Also ich persönlich habe keinerlei rubberbanding Probleme, ich nehme aber mal an, dass das ein schwieriger Prozess ist, da du natürlich mehr server benötigst aber so gut kenne ich mich da nicht aus.


----------



## Sturm-ins-Sperrfeuer (1. Februar 2012)

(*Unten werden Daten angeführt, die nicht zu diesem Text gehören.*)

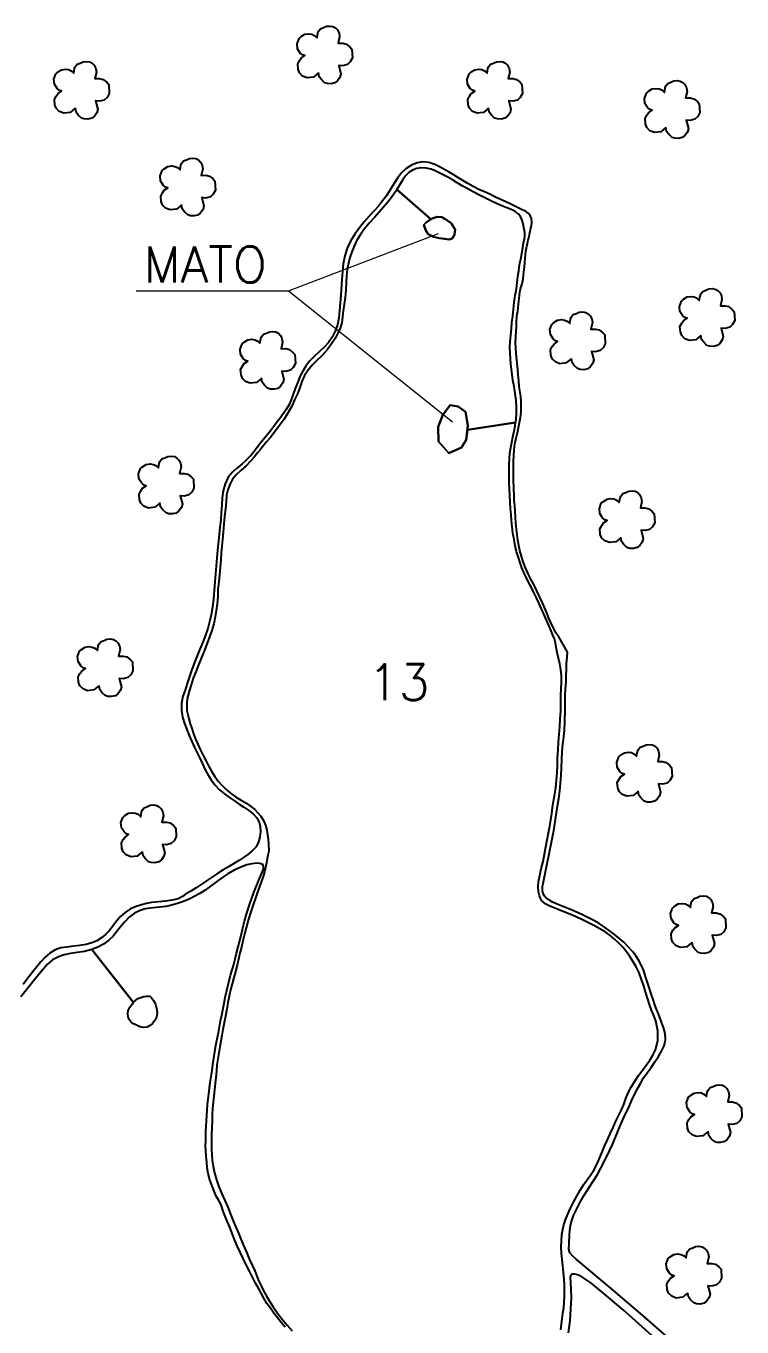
# Model space of a CAD drawing. Extents: x 728902 to 732052, y 7818439 to 7822894.
# Drawn here: x 729446 to 729834, y 7820340 to 7821047 of the extents above; entities that cross this region are included whole.
import ezdxf

# ---------------------------------------------------------------- set-up
doc = ezdxf.new("R2010")
doc.units = 0
doc.header["$MEASUREMENT"] = 0
doc.linetypes.add('CONTINUO', pattern=[0])
doc.layers.add('0114000205', color=1, linetype='Continuous', lineweight=25)
doc.layers.add('TEXTO_DIVERSOS', color=7, linetype='Continuous', lineweight=5)
for name, color, linetype in [('0114000205009', 5, 'Continuous'), ('0114000205013', 5, 'Continuous'), ('0114000205015', 5, 'Continuous'), ('MATO', 3, 'Continuous'), ('TEXTO_NUN_TAL', 7, 'Continuous')]:
    doc.layers.add(name, color=color, linetype=linetype)
doc.styles.add('Simplex', font='simplex.shx')

msp = doc.modelspace()

# ---------------------------------------------------------------- linework, layer by layer
at = {"layer": '0114000205'}
msp.add_lwpolyline([(729793.63, 7820334.6), (729780.66, 7820346.01), (729763.48, 7820360.73), (729744.43, 7820376.69), (729742.53, 7820378.29), (729740.93, 7820380.08), (729740.44, 7820382.05), (729740.63, 7820384.96), (729740.82, 7820390.09), (729741.22, 7820393.83), (729741.64, 7820396.55), (729743.02, 7820400.3), (729746.66, 7820407.56), (729748.83, 7820411.42), (729751.29, 7820415.3), (729753.66, 7820419.08), (729755.92, 7820422.66), (729757.9, 7820426.04), (729759.5, 7820429.12), (729762.55, 7820435.52), (729764.3, 7820439.35), (729767.44, 7820446.94), (729768.79, 7820450.39), (729770.38, 7820453.66), (729773.35, 7820459.97), (729774.73, 7820462.96), (729777.58, 7820469.01), (729779.28, 7820472.06), (729781.07, 7820475.07), (729783.05, 7820477.91), (729785.07, 7820480.74), (729787.11, 7820483.8), (729789.08, 7820486.82), (729790.83, 7820489.7), (729792.22, 7820492.59), (729792.93, 7820495.81), (729792.78, 7820499.28), (729791.92, 7820502.44), (729790.8, 7820505.32), (729789.65, 7820508.4), (729787.42, 7820514.23), (729786.38, 7820517.18), (729785.29, 7820520.3), (729784.21, 7820523.61), (729783.17, 7820526.89), (729782.17, 7820530.19), (729781.1, 7820533.31), (729779.86, 7820536.26), (729778.41, 7820538.96), (729776.86, 7820541.36), (729775.01, 7820543.85), (729772.74, 7820546.4), (729770.25, 7820548.8), (729765, 7820553.13), (729762.5, 7820555.1), (729759.76, 7820557.08), (729756.92, 7820558.92), (729754.03, 7820560.59), (729751.15, 7820562.1), (729748.28, 7820563.57), (729745.48, 7820564.87), (729742.66, 7820566.1), (729736.83, 7820568.34), (729734.03, 7820569.5), (729731.51, 7820570.67), (729729.59, 7820571.81), (729728.2, 7820572.89), (729727.03, 7820574.02), (729726.64, 7820574.85), (729726.73, 7820574.79), (729726.93, 7820574.54), (729727.14, 7820574.31), (729726.57, 7820575.05), (729726.07, 7820576.75), (729726.09, 7820579.13), (729726.64, 7820581.68), (729731.33, 7820605.01), (729732.26, 7820609.54), (729734.32, 7820622.74), (729735.09, 7820626.93), (729735.56, 7820631.01), (729735.98, 7820635.16), (729736.21, 7820639.37), (729736.65, 7820648.1), (729736.81, 7820652.4), (729737.19, 7820656.5), (729737.65, 7820660.39), (729738.05, 7820664.23), (729738.25, 7820668.12), (729738.35, 7820675.62), (729738.37, 7820679.21), (729738.45, 7820682.8), (729738.63, 7820686.47), (729738.9, 7820690.09), (729739.06, 7820693.61), (729739.19, 7820697.01), (729739.19, 7820700.33), (729739.45, 7820703.46), (729739.74, 7820706.38), (729735.06, 7820714.75), (729734.24, 7820715.65), (729733.41, 7820716.94), (729732.56, 7820718.51), (729731.57, 7820720.44), (729730.44, 7820722.85), (729729.43, 7820725.31), (729728.55, 7820727.8), (729727.45, 7820730.32), (729726.08, 7820733.16), (729723.02, 7820739.69), (729721.57, 7820742.74), (729719.93, 7820745.78), (729718.38, 7820748.98), (729716.94, 7820752.22), (729715.65, 7820755.47), (729714.68, 7820758.59), (729713.87, 7820761.57), (729713.24, 7820764.43), (729712.74, 7820767.27), (729712.29, 7820770.16), (729711.94, 7820773.24), (729711.66, 7820776.45), (729711.4, 7820779.73), (729711.19, 7820782.99), (729711.01, 7820786.14), (729710.8, 7820789.06), (729710.67, 7820791.86), (729710.61, 7820794.81), (729710.36, 7820800.8), (729710.3, 7820803.81), (729710.32, 7820806.9), (729710.39, 7820810.05), (729710.55, 7820813.19), (729710.8, 7820816.35), (729711.17, 7820819.52), (729711.78, 7820822.6), (729712.57, 7820825.63), (729713.71, 7820831.14), (729714.15, 7820833.89), (729714.47, 7820836.84), (729714.62, 7820839.89), (729714.55, 7820842.66), (729714.29, 7820845.23), (729713.47, 7820850.72), (729713.26, 7820853.87), (729712.98, 7820857.06), (729712.67, 7820859.95), (729711.87, 7820868.65), (729711.63, 7820871.66), (729711.51, 7820874.63), (729711.64, 7820877.67), (729711.94, 7820883.44), (729712.03, 7820885.99), (729712.23, 7820888.31), (729712.45, 7820890.16), (729712.65, 7820891.37), (729712.98, 7820893.8), (729713.15, 7820895.31), (729713.32, 7820897.04), (729713.4, 7820898.63), (729713.58, 7820900.29), (729713.81, 7820901.96), (729714.22, 7820903.71), (729714.73, 7820905.46), (729715.23, 7820907.32), (729715.6, 7820909.31), (729715.89, 7820911.36), (729716.38, 7820915.81), (729716.59, 7820918.12), (729716.71, 7820920.34), (729716.91, 7820922.37), (729717.15, 7820924.2), (729717.66, 7820926.94), (729717.92, 7820928.19), (729718.43, 7820930.33), (729718.51, 7820930.76), (729718.91, 7820932.46), (729719.66, 7820935.99), (729720.13, 7820937.96), (729720.37, 7820940.08), (729720.15, 7820942.03), (729719.49, 7820943.6), (729718.37, 7820944.91), (729716.87, 7820945.98), (729715.1, 7820946.8), (729713.21, 7820947.62), (729711.05, 7820948.67), (729708.58, 7820949.92), (729705.78, 7820951.28), (729703, 7820952.6), (729700.25, 7820953.87), (729697.44, 7820955.15), (729694.53, 7820956.43), (729691.53, 7820957.83), (729688.53, 7820959.37), (729685.64, 7820961.02), (729682.85, 7820962.66), (729680.1, 7820964.35), (729677.65, 7820965.91), (729675.47, 7820967.21), (729673.76, 7820968.17), (729672.16, 7820969.02), (729670.17, 7820970.07), (729667.58, 7820971.38), (729664.4, 7820972.46), (729661.14, 7820972.78), (729657.96, 7820972.28), (729654.9, 7820971.02), (729652.11, 7820969.22), (729649.59, 7820966.81), (729647.4, 7820963.91), (729645.3, 7820960.8), (729643.33, 7820957.54), (729641.35, 7820954.41), (729639.17, 7820951.52), (729636.98, 7820948.69), (729634.56, 7820945.95), (729631.92, 7820943.2), (729629.31, 7820940.19), (729626.73, 7820936.96), (729624.18, 7820933.5), (729621.91, 7820929.78), (729619.99, 7820925.86), (729618.69, 7820921.68), (729617.93, 7820917.46), (729617.4, 7820913.21), (729617.11, 7820908.9), (729616.65, 7820900.3), (729615.88, 7820892.01), (729615.47, 7820888.07), (729614.68, 7820884.32), (729613.42, 7820880.81), (729611.8, 7820877.6), (729609.82, 7820874.67), (729607.51, 7820872.02), (729604.96, 7820869.69), (729602.21, 7820867.24), (729599.53, 7820864.58), (729597.48, 7820861.79), (729595.93, 7820859.13), (729594.56, 7820856.47), (729593.14, 7820853.12), (729591.83, 7820849.73), (729590.66, 7820846.49), (729589.51, 7820843.46), (729588.25, 7820840.66), (729586.82, 7820838.2), (729585.28, 7820835.94), (729583.4, 7820833.39), (729581.48, 7820830.84), (729579.59, 7820828.29), (729577.74, 7820825.9), (729576.06, 7820823.75), (729574.31, 7820821.71), (729572.67, 7820819.68), (729570.97, 7820817.48), (729569.44, 7820815.4), (729567.81, 7820813.46), (729566.26, 7820811.72), (729564.59, 7820810.26), (729562.89, 7820808.69), (729561.46, 7820807.54), (729559.84, 7820806.2), (729557.66, 7820804.25), (729555.4, 7820801.42), (729553.66, 7820797.94), (729552.63, 7820794.13), (729552.11, 7820790.23), (729551.84, 7820786.31), (729551.65, 7820782.31), (729551.3, 7820778.31), (729550.81, 7820774.32), (729550.4, 7820770.26), (729549.58, 7820761.88), (729549.27, 7820757.6), (729548.87, 7820753.38), (729548.5, 7820749.03), (729548.14, 7820744.61), (729547.45, 7820735.45), (729546.91, 7820730.92), (729546.18, 7820726.75), (729545.29, 7820722.94), (729544.27, 7820719.26), (729542.99, 7820715.58), (729541.57, 7820711.8), (729540.03, 7820708.12), (729538.57, 7820704.44), (729537.02, 7820700.74), (729535.57, 7820696.94), (729534.28, 7820693.12), (729533.12, 7820689.4), (729531.95, 7820685.83), (729530.74, 7820682.43), (729529.97, 7820678.75), (729530, 7820674.9), (729530.57, 7820671.12), (729531.6, 7820667.66), (729532.86, 7820664.32), (729534.19, 7820661.05), (729535.63, 7820657.87), (729537.13, 7820654.69), (729538.51, 7820651.7), (729539.93, 7820648.78), (729541.34, 7820645.81), (729542.73, 7820642.89), (729544.3, 7820639.95), (729546.06, 7820637.09), (729548.17, 7820634.24), (729550.62, 7820631.65), (729553.37, 7820629.4), (729556.18, 7820627.48), (729558.89, 7820625.69), (729561.38, 7820623.87), (729563.84, 7820622.12), (729566.56, 7820620.37), (729569.02, 7820618.53), (729570.99, 7820616.44), (729572.13, 7820614.11), (729572.75, 7820611.64), (729572.97, 7820608.92), (729572.65, 7820606.06), (729571.83, 7820603.29), (729570.5, 7820600.72), (729568.45, 7820598.47), (729566.1, 7820596.46), (729563.79, 7820594.83), (729561.48, 7820593.36), (729558.76, 7820591.75), (729555.83, 7820589.97), (729552.7, 7820588.07), (729549.53, 7820586.11), (729546.39, 7820584.05), (729543.59, 7820582.1), (729540.72, 7820580.18), (729537.92, 7820578.39), (729535.1, 7820576.62), (729532.2, 7820574.91), (729530.65, 7820573.64), (729528.19, 7820572.31), (729525.79, 7820571.78), (729521.45, 7820571.05), (729513.78, 7820570.46), (729510.94, 7820569.91), (729508.28, 7820569.21), (729505.43, 7820568.26), (729502.34, 7820566.91), (729499.45, 7820565.03), (729496.91, 7820562.73), (729494.7, 7820560.19), (729492.69, 7820557.49), (729490.74, 7820555.05), (729488.71, 7820552.97), (729486.47, 7820551.17), (729483.99, 7820549.65), (729481.22, 7820548.48), (729478.19, 7820547.66), (729474.81, 7820547.11), (729471.41, 7820546.67), (729467.98, 7820546.17), (729464.53, 7820545.69), (729461.36, 7820544.62), (729458.48, 7820542.94), (729455.93, 7820540.67), (729453.68, 7820538.16), (729451.5, 7820535.45), (729449.02, 7820532.48), (729446.61, 7820529.24), (729444.03, 7820525.89)], dxfattribs=at)
at = {"layer": '0114000205009'}
msp.add_lwpolyline([(729586.29, 7820339.73), (729584.23, 7820342.18), (729580.24, 7820347.33), (729578.32, 7820349.95), (729576.46, 7820352.62), (729574.74, 7820355.38), (729573.25, 7820358.1), (729571.79, 7820360.8), (729570.22, 7820363.63), (729568.53, 7820366.78), (729566.87, 7820370.13), (729565.22, 7820373.58), (729563.44, 7820377.02), (729560.24, 7820383.9), (729558.82, 7820387.26), (729557.57, 7820390.62), (729556.2, 7820394.02), (729554.76, 7820397.32), (729553.54, 7820400.3), (729552.45, 7820403.27), (729551.48, 7820406.08), (729550.25, 7820408.52), (729548.92, 7820410.85), (729547.7, 7820413.6), (729545.44, 7820419.8), (729544.51, 7820423.15), (729544.05, 7820426.3), (729543.73, 7820429.34), (729543.47, 7820432.51), (729543.31, 7820435.64), (729543.12, 7820438.41), (729543.17, 7820440.8), (729543.2, 7820443.43), (729543.26, 7820446.08), (729543.49, 7820448.89), (729543.68, 7820451.8), (729544.21, 7820460.58), (729544.47, 7820463.5), (729544.79, 7820466.42), (729545.24, 7820469.48), (729545.67, 7820472.67), (729546.13, 7820475.89), (729546.62, 7820479.1), (729547.08, 7820482.45), (729547.51, 7820485.9), (729548.75, 7820492.75), (729549.35, 7820496.25), (729550.04, 7820499.65), (729550.65, 7820502.93), (729551.21, 7820506.15), (729551.86, 7820509.26), (729553.14, 7820515.7), (729553.8, 7820518.74), (729556.7, 7820530.93), (729557.54, 7820533.91), (729558.37, 7820536.73), (729559.95, 7820542.8), (729560.72, 7820546.25), (729561.72, 7820549.7), (729562.57, 7820553.18), (729563.38, 7820556.68), (729564.16, 7820560.21), (729565.15, 7820563.6), (729567.22, 7820569.62), (729569.4, 7820575.86), (729571.99, 7820582.46), (729573.07, 7820585.13), (729574.08, 7820587.2), (729574.48, 7820588.55), (729574.59, 7820589.71), (729574.43, 7820590.57), (729574.21, 7820591), (729572.62, 7820591.57), (729570.73, 7820591.78), (729568.24, 7820591.48), (729565.54, 7820590.78), (729562.24, 7820589.59), (729558.7, 7820587.89), (729555.25, 7820585.97), (729551.96, 7820583.77), (729545.78, 7820579.19), (729542.81, 7820577.05), (729539.93, 7820575.23), (729537.23, 7820573.81), (729534.53, 7820572.48), (729532.03, 7820571.38), (729530, 7820570.56), (729527.87, 7820569.88), (729525.39, 7820569.13), (729523.2, 7820568.63), (729521.51, 7820568.28), (729519.88, 7820568.09), (729518.16, 7820567.95), (729516.44, 7820567.76), (729514.59, 7820567.53), (729510.36, 7820566.91), (729507.52, 7820566.12), (729504.57, 7820564.64), (729501.66, 7820562.46), (729499.03, 7820559.79), (729496.91, 7820557.22), (729494.98, 7820554.56), (729492.82, 7820552.08), (729490.53, 7820549.87), (729487.7, 7820547.8), (729484.51, 7820546.06), (729481.24, 7820544.8), (729503.96, 7820516.15), (729503.99, 7820516.19), (729505.11, 7820517.23), (729506.37, 7820518.18), (729507.84, 7820518.78), (729509.54, 7820519.29), (729511.2, 7820519.54), (729512.43, 7820519.56), (729512.79, 7820519.49), (729513.95, 7820518.39), (729514.83, 7820517.09), (729515.87, 7820515.23), (729516.51, 7820512.91), (729516.83, 7820510.53), (729516.36, 7820508.1), (729515.54, 7820506.24), (729514.3, 7820504.6), (729512.97, 7820503.49), (729511.41, 7820502.71), (729509.38, 7820502.56), (729508.08, 7820502.75), (729506.64, 7820503.17), (729505.17, 7820503.89), (729503.97, 7820504.46), (729502.73, 7820505.37), (729501.66, 7820506.76), (729501.01, 7820508.36), (729500.79, 7820510.16), (729501.03, 7820511.59), (729501.35, 7820512.4), (729501.94, 7820513.63), (729502.96, 7820514.91), (729503.96, 7820516.15), (729481.24, 7820544.8), (729477.34, 7820543.82), (729473.41, 7820543.25), (729469.72, 7820542.77), (729466.3, 7820542.04), (729463.17, 7820540.94), (729460.02, 7820539.23), (729457.06, 7820536.7), (729454.25, 7820533.47), (729451.38, 7820529.94), (729445.69, 7820522.73), (729442.82, 7820519.24)], dxfattribs=at)
at = {"layer": '0114000205013'}
msp.add_lwpolyline([(729736.01, 7820338.3), (729736.45, 7820341.29), (729736.83, 7820344.34), (729737.25, 7820347.36), (729737.63, 7820350.23), (729737.92, 7820353.32), (729738.07, 7820356.43), (729738.07, 7820359.58), (729738.04, 7820362.7), (729737.9, 7820365.96), (729737.58, 7820369.31), (729737.15, 7820372.94), (729736.73, 7820376.53), (729736.45, 7820379.78), (729736.3, 7820383.18), (729736.43, 7820386.68), (729736.71, 7820389.95), (729737.17, 7820392.72), (729737.77, 7820395.2), (729738.68, 7820398.07), (729739.87, 7820401.15), (729741.27, 7820404.31), (729742.92, 7820407.58), (729744.7, 7820410.9), (729746.59, 7820414.06), (729748.43, 7820416.94), (729750.29, 7820419.61), (729752.23, 7820422.32), (729753.98, 7820424.98), (729755.44, 7820427.77), (729756.84, 7820430.95), (729758.29, 7820434.36), (729759.89, 7820437.98), (729761.47, 7820441.44), (729762.97, 7820444.7), (729764.5, 7820448.13), (729766.04, 7820451.56), (729767.58, 7820454.8), (729769.04, 7820457.78), (729770.27, 7820460.73), (729771.37, 7820463.89), (729772.66, 7820467), (729774.36, 7820470.14), (729776.29, 7820473.32), (729778.28, 7820476.37), (729780.36, 7820479.28), (729782.37, 7820482.11), (729784.37, 7820484.83), (729786.13, 7820487.55), (729787.45, 7820490.35), (729788.29, 7820493.14), (729788.73, 7820495.48), (729788.83, 7820498.04), (729788.74, 7820500.76), (729788.31, 7820503.42), (729787.61, 7820506.11), (729786.54, 7820508.93), (729785.39, 7820511.9), (729784.34, 7820515.06), (729783.23, 7820518.46), (729782.13, 7820521.91), (729781.1, 7820525.22), (729779.94, 7820528.62), (729778.6, 7820532.12), (729777.01, 7820535.37), (729775.42, 7820538.23), (729773.61, 7820541.05), (729771.74, 7820543.66), (729769.71, 7820546.15), (729767.45, 7820548.49), (729765.14, 7820550.72), (729762.65, 7820552.62), (729760.12, 7820554.46), (729757.35, 7820556.16), (729754.34, 7820557.75), (729751.14, 7820559.29), (729747.86, 7820560.91), (729744.46, 7820562.53), (729741.05, 7820563.99), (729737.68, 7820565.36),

Du hast keine Probleme? Erstaunlich, wenn das ein Serverseitiges Problem ist, sollten das doch alle haben?


----------



## X3niC (1. Februar 2012)

Es ist eben KEIN Serverproblem.
_
Fall 1
Klient:
Du läufst los, deine Position wird berechnet an den Gegner geschickt und dem Gegner seine Position wird berechnet und an dich geschickt.
_
_Fall2
Server:
Du läufst, Postion wird an den Server geschickt und an alle anderen weitergegeben._

Das Problem ist scheinbar das der Klient vorgang länger dauert ( in ms)
Ab und zu werd ich auch erwischt OBWOHL ich gefühlt um die ecke war, das passiert aber eher selten, bei meinen Kumpels genauso keiner hat eigentlich größere Probleme mit Bf3. zum Glück:-/


----------



## Kwengie (1. Februar 2012)

Hallo,

ich denke,
daß ist eher ein Problem sein Battlefield: Bad Company 2 und daß das mit den großzügig angelegten Hitboxen zusammenhängt.

Beispiel:
auf Grand Basar sehe ich einen Feind mit der Bazuka, will ihn ins Fadenkreuz nehmen. Plötzlich kann ich mich nicht mehr bewegen und bin wie erstarrt. Ich sehe, wie der die Rakete abschießt und mich trifft. Toll soetwas.
Weiter habe ich spaßeshalber auf den Vorderlauf eines Gewehres geschossen, den Feind habe ich jedoch nicht gesehen.
Komischerweise habe ich auf Grand Basar getroffen und einen Kill eingesackt.


----------